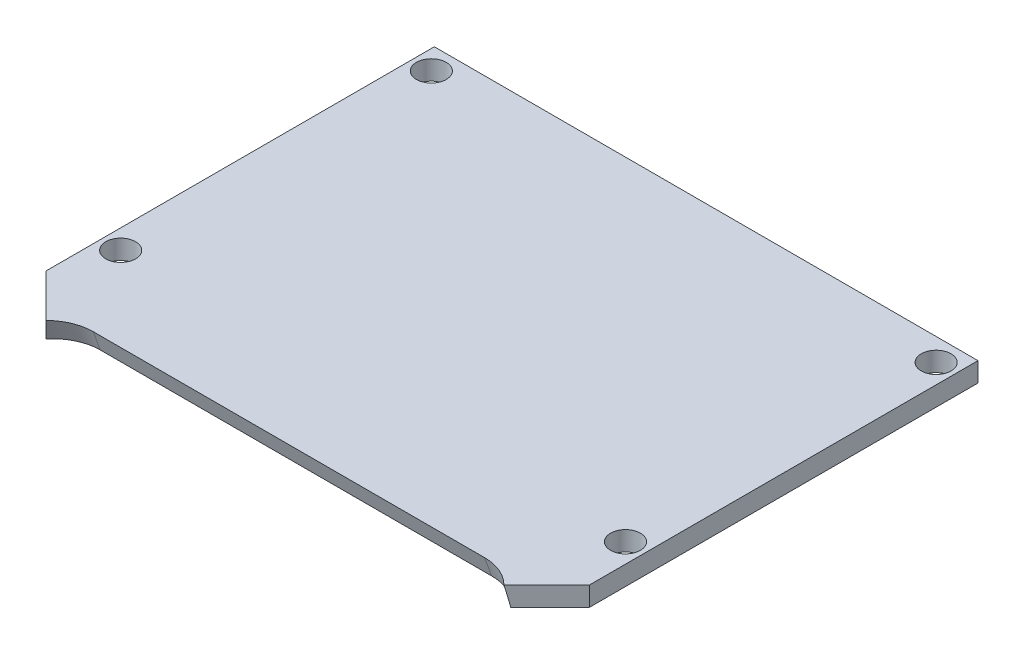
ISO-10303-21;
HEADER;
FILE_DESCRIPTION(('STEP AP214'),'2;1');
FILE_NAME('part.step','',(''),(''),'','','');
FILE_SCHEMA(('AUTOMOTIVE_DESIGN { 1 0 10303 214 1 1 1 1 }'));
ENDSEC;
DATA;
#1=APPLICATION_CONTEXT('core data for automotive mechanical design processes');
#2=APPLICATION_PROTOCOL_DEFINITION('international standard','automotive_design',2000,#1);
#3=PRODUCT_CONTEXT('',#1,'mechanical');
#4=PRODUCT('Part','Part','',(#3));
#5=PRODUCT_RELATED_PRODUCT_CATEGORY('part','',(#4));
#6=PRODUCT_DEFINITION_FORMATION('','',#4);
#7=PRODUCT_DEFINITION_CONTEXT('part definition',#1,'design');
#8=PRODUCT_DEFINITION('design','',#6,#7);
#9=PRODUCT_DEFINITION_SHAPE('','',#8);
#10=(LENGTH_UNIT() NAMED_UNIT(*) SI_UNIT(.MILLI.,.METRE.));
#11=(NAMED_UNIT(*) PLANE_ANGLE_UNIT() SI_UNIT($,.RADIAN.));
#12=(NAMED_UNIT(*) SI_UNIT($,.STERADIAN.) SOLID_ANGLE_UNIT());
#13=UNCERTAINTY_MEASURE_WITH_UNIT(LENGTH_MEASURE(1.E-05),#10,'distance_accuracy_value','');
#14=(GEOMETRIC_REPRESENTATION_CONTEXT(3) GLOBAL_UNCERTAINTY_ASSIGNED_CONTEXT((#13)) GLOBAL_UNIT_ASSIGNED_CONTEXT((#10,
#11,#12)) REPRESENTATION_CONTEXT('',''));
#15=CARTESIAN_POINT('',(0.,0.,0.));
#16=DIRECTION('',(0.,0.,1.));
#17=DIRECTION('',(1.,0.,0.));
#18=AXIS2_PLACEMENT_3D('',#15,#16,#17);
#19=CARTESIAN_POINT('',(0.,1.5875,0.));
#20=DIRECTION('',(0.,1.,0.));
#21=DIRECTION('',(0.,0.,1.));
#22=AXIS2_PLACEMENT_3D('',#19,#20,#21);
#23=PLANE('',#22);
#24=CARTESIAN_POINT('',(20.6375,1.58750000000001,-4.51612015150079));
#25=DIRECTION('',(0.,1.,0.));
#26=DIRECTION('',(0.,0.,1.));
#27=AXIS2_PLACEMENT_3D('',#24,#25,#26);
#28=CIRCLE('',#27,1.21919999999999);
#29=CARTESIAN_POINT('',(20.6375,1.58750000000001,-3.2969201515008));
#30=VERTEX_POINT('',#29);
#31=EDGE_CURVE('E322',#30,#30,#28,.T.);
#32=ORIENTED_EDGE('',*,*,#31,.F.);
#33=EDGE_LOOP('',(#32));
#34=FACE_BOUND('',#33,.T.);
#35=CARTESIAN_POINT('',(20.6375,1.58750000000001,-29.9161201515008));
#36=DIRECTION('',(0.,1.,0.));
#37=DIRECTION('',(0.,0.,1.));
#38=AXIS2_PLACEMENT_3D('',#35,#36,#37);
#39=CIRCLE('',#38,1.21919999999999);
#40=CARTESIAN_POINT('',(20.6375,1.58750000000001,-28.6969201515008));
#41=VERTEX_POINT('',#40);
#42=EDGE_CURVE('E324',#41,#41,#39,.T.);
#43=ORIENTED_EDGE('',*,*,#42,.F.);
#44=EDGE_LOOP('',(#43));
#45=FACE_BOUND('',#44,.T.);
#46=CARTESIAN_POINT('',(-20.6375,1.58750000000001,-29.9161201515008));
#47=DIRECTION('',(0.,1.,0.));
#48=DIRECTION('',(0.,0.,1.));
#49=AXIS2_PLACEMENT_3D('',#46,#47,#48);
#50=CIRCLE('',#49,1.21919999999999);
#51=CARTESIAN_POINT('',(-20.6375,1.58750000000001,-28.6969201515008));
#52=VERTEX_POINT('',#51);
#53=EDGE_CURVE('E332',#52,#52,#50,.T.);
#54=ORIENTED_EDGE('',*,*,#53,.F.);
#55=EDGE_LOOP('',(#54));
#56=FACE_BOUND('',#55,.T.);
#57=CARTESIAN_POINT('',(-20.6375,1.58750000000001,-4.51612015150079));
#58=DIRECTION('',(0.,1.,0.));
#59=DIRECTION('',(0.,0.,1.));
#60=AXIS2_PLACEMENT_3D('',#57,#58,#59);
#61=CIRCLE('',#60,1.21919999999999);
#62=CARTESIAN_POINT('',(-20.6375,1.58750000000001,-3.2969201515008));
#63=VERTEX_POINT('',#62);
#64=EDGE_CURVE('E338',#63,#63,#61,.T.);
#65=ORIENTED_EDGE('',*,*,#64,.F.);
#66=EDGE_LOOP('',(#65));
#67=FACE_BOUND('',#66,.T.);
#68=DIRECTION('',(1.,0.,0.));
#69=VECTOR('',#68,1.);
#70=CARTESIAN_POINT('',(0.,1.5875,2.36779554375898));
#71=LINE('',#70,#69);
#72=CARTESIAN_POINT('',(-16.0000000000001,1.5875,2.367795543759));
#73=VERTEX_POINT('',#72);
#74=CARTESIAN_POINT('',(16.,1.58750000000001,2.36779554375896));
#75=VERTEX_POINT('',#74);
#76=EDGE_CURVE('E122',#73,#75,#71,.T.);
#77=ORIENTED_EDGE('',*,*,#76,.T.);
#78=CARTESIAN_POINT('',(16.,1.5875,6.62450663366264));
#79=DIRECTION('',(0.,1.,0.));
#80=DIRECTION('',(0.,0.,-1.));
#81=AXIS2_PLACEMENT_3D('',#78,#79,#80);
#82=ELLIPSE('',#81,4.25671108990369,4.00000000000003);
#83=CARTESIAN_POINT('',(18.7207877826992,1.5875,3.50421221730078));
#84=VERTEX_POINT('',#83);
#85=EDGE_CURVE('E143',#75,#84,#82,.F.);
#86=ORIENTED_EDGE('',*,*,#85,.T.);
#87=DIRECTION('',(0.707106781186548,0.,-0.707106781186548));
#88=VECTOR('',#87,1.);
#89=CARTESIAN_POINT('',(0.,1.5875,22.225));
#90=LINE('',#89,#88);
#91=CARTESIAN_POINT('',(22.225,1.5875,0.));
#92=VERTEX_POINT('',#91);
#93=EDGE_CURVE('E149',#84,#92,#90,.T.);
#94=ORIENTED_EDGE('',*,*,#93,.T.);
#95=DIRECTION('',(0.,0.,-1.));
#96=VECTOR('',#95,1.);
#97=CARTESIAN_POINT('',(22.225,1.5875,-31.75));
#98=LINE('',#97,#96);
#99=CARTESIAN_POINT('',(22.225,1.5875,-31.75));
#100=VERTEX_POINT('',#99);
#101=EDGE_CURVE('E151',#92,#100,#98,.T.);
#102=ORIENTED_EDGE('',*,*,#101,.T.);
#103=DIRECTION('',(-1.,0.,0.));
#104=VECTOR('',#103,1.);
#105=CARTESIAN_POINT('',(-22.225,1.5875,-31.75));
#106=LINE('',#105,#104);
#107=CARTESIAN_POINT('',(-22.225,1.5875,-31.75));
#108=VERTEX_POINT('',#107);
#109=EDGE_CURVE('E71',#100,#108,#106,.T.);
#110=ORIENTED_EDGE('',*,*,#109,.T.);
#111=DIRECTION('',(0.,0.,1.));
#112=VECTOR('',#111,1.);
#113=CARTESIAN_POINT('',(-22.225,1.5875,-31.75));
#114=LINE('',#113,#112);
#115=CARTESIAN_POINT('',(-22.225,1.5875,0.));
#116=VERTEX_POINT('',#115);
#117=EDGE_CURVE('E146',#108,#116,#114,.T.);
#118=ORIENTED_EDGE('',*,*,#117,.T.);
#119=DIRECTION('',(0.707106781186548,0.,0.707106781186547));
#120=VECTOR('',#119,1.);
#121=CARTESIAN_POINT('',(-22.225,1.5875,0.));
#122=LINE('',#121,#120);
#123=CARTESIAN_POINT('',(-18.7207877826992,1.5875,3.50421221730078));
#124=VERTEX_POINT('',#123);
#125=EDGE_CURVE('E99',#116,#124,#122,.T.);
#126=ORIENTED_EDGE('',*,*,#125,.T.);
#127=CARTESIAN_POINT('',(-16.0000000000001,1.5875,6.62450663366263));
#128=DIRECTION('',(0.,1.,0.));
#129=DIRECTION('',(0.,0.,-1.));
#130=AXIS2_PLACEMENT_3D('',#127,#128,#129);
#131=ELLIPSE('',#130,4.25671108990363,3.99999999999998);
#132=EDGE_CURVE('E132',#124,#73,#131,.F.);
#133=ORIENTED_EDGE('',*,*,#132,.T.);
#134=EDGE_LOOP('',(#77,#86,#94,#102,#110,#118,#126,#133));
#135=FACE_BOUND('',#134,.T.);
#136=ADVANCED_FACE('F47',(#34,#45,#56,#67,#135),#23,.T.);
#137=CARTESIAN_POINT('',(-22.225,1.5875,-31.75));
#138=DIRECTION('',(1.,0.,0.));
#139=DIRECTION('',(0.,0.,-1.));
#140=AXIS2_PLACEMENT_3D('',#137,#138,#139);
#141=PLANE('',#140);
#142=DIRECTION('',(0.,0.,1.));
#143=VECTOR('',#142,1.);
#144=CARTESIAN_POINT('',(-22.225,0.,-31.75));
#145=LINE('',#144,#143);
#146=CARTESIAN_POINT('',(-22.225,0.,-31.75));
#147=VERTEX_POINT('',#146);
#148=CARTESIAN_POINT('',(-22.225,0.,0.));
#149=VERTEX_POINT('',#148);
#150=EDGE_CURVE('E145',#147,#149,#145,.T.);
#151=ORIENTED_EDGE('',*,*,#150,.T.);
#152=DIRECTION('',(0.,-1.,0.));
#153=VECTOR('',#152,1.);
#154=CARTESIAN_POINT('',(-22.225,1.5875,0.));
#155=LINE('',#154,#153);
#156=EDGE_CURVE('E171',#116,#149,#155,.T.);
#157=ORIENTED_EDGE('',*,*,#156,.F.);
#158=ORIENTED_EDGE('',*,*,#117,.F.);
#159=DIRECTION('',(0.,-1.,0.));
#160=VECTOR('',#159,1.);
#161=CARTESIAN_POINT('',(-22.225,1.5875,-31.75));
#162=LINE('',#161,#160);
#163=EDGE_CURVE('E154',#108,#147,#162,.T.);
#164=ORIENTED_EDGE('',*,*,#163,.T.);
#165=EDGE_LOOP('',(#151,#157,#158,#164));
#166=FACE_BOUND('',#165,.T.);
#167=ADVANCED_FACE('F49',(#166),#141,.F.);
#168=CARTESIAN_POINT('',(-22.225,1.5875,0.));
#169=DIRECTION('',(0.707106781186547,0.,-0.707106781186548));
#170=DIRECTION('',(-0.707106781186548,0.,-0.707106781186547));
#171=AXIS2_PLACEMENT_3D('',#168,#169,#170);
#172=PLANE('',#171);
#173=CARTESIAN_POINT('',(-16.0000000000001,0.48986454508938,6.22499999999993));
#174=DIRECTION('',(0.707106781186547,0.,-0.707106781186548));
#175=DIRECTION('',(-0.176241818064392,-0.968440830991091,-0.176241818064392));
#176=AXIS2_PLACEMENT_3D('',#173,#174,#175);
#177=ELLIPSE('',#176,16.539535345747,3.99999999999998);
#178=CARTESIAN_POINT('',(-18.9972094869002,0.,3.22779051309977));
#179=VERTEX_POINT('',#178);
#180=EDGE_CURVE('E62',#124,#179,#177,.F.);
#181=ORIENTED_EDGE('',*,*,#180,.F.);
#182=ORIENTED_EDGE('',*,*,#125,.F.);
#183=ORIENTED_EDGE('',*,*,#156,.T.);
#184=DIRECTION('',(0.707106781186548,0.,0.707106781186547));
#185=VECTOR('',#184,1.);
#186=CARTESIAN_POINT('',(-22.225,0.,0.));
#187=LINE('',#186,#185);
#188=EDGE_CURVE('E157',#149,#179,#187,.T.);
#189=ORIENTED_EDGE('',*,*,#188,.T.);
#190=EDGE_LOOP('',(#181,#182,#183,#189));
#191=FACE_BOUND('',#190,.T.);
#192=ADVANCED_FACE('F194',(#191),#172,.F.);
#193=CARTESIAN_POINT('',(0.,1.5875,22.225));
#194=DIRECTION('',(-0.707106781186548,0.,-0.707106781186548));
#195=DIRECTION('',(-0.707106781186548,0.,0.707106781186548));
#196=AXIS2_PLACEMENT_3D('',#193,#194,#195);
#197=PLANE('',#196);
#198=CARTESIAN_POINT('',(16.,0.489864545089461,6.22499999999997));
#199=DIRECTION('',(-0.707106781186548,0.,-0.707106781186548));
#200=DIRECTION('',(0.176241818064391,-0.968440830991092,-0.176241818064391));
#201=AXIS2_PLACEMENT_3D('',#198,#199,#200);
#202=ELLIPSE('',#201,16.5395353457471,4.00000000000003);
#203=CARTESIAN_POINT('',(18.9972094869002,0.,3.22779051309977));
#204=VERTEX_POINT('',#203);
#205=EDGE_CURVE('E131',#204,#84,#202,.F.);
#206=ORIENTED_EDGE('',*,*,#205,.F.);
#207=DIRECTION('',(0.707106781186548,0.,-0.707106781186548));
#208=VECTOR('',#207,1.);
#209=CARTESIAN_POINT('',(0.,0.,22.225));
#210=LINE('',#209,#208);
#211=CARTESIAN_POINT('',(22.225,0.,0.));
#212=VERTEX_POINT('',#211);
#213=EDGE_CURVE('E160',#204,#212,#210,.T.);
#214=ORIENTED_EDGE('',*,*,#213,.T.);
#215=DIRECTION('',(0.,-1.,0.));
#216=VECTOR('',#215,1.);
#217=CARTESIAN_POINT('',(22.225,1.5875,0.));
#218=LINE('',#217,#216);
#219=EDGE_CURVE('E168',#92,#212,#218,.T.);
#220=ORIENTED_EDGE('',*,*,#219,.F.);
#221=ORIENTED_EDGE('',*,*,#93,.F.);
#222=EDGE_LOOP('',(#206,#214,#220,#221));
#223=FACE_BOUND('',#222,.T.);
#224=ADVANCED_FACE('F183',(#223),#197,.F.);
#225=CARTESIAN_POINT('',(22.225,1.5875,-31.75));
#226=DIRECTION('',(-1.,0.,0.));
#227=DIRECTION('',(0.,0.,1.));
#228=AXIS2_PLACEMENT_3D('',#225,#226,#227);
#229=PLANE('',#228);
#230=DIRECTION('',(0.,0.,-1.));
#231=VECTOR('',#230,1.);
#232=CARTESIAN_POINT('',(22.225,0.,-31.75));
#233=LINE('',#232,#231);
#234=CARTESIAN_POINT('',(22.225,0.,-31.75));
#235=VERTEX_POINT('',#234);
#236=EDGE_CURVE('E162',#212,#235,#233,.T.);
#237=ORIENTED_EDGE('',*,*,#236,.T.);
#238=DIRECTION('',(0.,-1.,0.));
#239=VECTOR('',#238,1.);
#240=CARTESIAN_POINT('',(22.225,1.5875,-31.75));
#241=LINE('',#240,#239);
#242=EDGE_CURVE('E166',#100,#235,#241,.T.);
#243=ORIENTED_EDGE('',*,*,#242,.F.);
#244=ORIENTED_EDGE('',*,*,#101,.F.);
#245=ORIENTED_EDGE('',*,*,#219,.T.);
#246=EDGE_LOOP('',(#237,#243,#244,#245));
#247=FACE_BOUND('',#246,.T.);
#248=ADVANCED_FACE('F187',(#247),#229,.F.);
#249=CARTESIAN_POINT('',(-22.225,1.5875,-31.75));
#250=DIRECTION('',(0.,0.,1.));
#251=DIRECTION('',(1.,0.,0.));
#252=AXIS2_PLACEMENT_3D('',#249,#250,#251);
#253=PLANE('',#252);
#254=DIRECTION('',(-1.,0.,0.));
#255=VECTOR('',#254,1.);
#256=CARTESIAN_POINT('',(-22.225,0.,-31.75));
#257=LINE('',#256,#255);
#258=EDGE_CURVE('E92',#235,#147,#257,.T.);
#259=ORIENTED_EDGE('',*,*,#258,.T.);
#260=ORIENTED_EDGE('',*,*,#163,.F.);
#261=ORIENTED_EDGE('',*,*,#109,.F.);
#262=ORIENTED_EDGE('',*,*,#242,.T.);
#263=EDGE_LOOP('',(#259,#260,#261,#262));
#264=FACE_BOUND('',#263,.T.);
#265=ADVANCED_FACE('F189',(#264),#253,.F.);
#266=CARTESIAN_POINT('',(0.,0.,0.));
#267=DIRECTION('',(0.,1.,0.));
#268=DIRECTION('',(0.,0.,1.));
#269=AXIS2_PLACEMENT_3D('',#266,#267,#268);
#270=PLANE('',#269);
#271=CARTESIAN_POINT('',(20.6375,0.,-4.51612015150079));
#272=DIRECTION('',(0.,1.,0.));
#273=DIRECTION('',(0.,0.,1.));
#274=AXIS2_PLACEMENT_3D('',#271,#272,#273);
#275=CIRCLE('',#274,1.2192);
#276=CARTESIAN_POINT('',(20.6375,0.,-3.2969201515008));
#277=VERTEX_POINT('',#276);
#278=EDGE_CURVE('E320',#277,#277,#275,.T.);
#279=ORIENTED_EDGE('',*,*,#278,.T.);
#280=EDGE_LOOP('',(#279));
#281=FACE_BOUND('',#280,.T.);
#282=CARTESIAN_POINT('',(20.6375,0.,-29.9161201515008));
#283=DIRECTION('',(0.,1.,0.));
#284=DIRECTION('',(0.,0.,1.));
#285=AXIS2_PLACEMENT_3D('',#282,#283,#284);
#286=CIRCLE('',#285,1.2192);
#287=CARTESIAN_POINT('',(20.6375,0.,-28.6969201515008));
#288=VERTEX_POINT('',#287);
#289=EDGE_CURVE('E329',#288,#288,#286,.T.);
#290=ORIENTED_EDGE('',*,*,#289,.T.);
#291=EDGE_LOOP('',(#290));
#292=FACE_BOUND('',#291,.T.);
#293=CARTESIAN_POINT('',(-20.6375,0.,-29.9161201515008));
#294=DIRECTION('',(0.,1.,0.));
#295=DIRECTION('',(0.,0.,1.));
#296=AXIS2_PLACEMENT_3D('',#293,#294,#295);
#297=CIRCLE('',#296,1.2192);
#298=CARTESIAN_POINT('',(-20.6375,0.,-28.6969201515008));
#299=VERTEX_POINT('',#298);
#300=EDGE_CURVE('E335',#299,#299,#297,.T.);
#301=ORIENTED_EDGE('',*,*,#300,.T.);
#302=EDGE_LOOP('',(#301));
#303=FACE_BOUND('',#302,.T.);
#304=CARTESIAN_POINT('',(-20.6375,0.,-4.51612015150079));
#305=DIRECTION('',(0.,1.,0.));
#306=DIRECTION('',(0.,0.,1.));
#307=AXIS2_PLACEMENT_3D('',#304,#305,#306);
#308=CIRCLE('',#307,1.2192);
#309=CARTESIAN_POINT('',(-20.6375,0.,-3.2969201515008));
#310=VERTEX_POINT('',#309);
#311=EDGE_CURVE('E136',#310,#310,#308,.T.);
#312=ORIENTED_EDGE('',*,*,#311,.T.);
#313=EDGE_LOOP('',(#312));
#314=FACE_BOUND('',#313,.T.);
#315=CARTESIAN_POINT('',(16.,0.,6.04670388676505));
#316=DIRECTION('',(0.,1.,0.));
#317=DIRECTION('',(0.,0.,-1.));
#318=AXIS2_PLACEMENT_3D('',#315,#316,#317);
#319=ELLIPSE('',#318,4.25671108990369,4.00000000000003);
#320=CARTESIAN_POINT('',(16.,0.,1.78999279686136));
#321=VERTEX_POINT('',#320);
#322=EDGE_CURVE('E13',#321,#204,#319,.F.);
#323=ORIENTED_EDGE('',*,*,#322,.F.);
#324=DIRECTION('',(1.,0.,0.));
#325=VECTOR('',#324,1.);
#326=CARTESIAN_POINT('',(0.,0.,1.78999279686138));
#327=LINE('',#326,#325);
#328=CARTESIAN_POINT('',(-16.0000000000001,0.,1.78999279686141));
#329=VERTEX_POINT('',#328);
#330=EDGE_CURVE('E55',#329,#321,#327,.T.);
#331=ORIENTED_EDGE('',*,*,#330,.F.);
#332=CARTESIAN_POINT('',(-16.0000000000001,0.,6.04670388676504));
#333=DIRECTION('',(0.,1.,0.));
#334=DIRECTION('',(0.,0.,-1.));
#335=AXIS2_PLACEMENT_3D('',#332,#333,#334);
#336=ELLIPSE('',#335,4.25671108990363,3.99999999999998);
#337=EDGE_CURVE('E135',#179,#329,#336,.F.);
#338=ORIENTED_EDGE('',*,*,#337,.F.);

**Work to complete:** From the material above, please return each line containing "mechanical".

**Written solution:**
#1=APPLICATION_CONTEXT('core data for automotive mechanical design processes');
#3=PRODUCT_CONTEXT('',#1,'mechanical');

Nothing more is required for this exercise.